This article was originally published in Texas Bar Journal. Any opinions in this article are not those of Winston & Strawn or its clients. The opinions in this article are the authors’ opinions only. 

Dobbs v. Jackson obbs v. Jackson Women’s Health Organization reintroduced into the common legal lexicon a phrase few lawyers have heard since their constitutional law classes in law school. The phrase is “ordered liberty,” as in a right is guaranteed by the 14th Amendment’s due process clause only if it is “‘deeply rooted in this Nation’s history’ and ‘implicit in the concept of ordered liberty.’” It is a peculiar phrase used not just once or twice in Dobbs, but 10 times
across the lengthy majority opinion and twice more in the concurring opinions.

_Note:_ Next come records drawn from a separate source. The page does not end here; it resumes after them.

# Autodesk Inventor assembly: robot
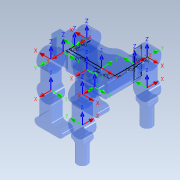
[picture p0: Inventor's stored thumbnail of the model, 180x180]
Saved by Autodesk Inventor 2020 (Build 240168000, 168)
## iProperties
Created: 2021-01-29
Part Number: robot
Document SubType Name: Assembly
Designer: DELL
Author: DELL
## Documents named in this file (6)
- F:\SoftRobot2.0\FlexipodFast\mesh\v9.0\robot.iam
- F:\SoftRobot2.0\FlexipodFast\mesh\v9.0\hip.ipt
- F:\SoftRobot2.0\FlexipodFast\mesh\v9.0\thigh.ipt
- F:\SoftRobot2.0\FlexipodFast\mesh\v9.0\shank_2.ipt
- F:\SoftRobot2.0\FlexipodFast\mesh\v9.0\shank_front.ipt
- F:\SoftRobot2.0\FlexipodFast\mesh\v9.0\body.ipt
## Components (13 placed, 5 different names)
1. hip:1 — Flush:45, Mate:54, Mate:60, Mate:61, Angle:23
2. hip:2 — Angle:22, Mate:52, Mate:53, Mate:58, Mate:59, Angle:26
3. thigh:1 — Mate:44, Flush:43, Mate:52, Mate:53, Angle:27
4. thigh:2 — Mate:43, Flush:42, Flush:45, Mate:54, Angle:24
5. thigh:3 — Mate:42, Flush:41, Mate:55, Mate:56, Angle:33
6. thigh:4 — Mate:41, Flush:40, Mate:57, Flush:46, Angle:30
7. shank_2:3 — Mate:41, Flush:40, Angle:31
8. shank_2:4 — Mate:42, Flush:41, Angle:34
9. shank_front:1 — Mate:43, Flush:42, Angle:25
10. shank_front:2 — Mate:44, Flush:43, Angle:22, Angle:28
11. hip:3 — Mate:55, Mate:56, Mate:65, Mate:66, Angle:32
12. hip:4 — Mate:57, Flush:46, Mate:62, Mate:63, Angle:29, Mate:64, Mate:66
13. body:1 — Flush:47, Flush:48, Flush:49, Mate:58, Mate:59, Mate:60, Mate:61, Angle:23, Angle:24, Angle:25, Angle:26, Angle:27, Angle:28, Mate:62, Mate:63, Angle:29, Angle:30, Angle:31, Mate:64, Mate:65, Angle:32, Angle:33, Angle:34
## Relationships (41: Mate 19, Angle 13, Flush 9)
- Mate:41: thigh:4 ↔ shank_2:3
- Flush:40: thigh:4 ↔ shank_2:3
- Mate:42: thigh:3 ↔ shank_2:4
- Flush:41: thigh:3 ↔ shank_2:4
- Mate:43: thigh:2 ↔ shank_front:1
- Mate:44: thigh:1 ↔ shank_front:2
- Flush:42: thigh:2 ↔ shank_front:1
- Flush:43: thigh:1 ↔ shank_front:2
- Angle:22 (180 deg): hip:2 ↔ shank_front:2
- Mate:52: hip:2 ↔ thigh:1
- Mate:53: hip:2 ↔ thigh:1
- Flush:45: hip:1 ↔ thigh:2
- Mate:54: hip:1 ↔ thigh:2
- Mate:55: thigh:3 ↔ hip:3
- Mate:56: thigh:3 ↔ hip:3
- Mate:57: thigh:4 ↔ hip:4
- Flush:46: thigh:4 ↔ hip:4
- Flush:47: body:1
- Flush:48: body:1
- Flush:49: body:1
- Mate:58: hip:2 ↔ body:1
- Mate:59: hip:2 ↔ body:1
- Mate:60: hip:1 ↔ body:1
- Mate:61: hip:1 ↔ body:1
- Angle:23 (0 deg): hip:1 ↔ body:1
- Angle:24 (0 deg): thigh:2 ↔ body:1
- Angle:25 (0 deg): shank_front:1 ↔ body:1
- Angle:26 (0 deg): hip:2 ↔ body:1
- Angle:27 (0 deg): thigh:1 ↔ body:1
- Angle:28 (0 deg): shank_front:2 ↔ body:1
- Mate:62 (-5 mm): hip:4 ↔ body:1
- Mate:63: hip:4 ↔ body:1
- Angle:29 (0 deg): hip:4 ↔ body:1
- Angle:30 (0 deg): thigh:4 ↔ body:1
- Angle:31 (0 deg): shank_2:3 ↔ body:1
- Mate:64 (-71 mm): hip:4 ↔ body:1
- Mate:65 (-5 mm): hip:3 ↔ body:1
- Mate:66: hip:3 ↔ hip:4
- Angle:32 (0 deg): hip:3 ↔ body:1
- Angle:33 (0 deg): thigh:3 ↔ body:1
- Angle:34 (0 deg): shank_2:4 ↔ body:1

Many are debating right now what substantive due process rights previously recognized by the U.S. Supreme Court can pass muster as being “implicit in the concept of ordered liberty”—same-sex marriages, same-sex sexual relationships, birth control, etc. This, however, may focus on the wrong question. Rather, the real question may be whether the court will replace the current “ordered liberty” standard altogether with a more workable, predictable, comprehensible model to judge future substantive due process cases.

The problem with “ordered liberty” as a constitutional touchstone stems from its very origin. Justice Benjamin N. Cardozo grafted the standard onto the 14th Amendment’s due process clause in a 1937 case, Palko v. Connecticut. He did not cite to a direct source for this new standard but simply announced it as his synthesis of recent Supreme Court decisions: “In these [decisions] and other situations immunities that are valid as against the federal government by force of the specific pledges of particular amendments have been found to be implicit in the concept of ordered liberty, and thus, through the Fourteenth Amendment, became valid as against the [S]tates. 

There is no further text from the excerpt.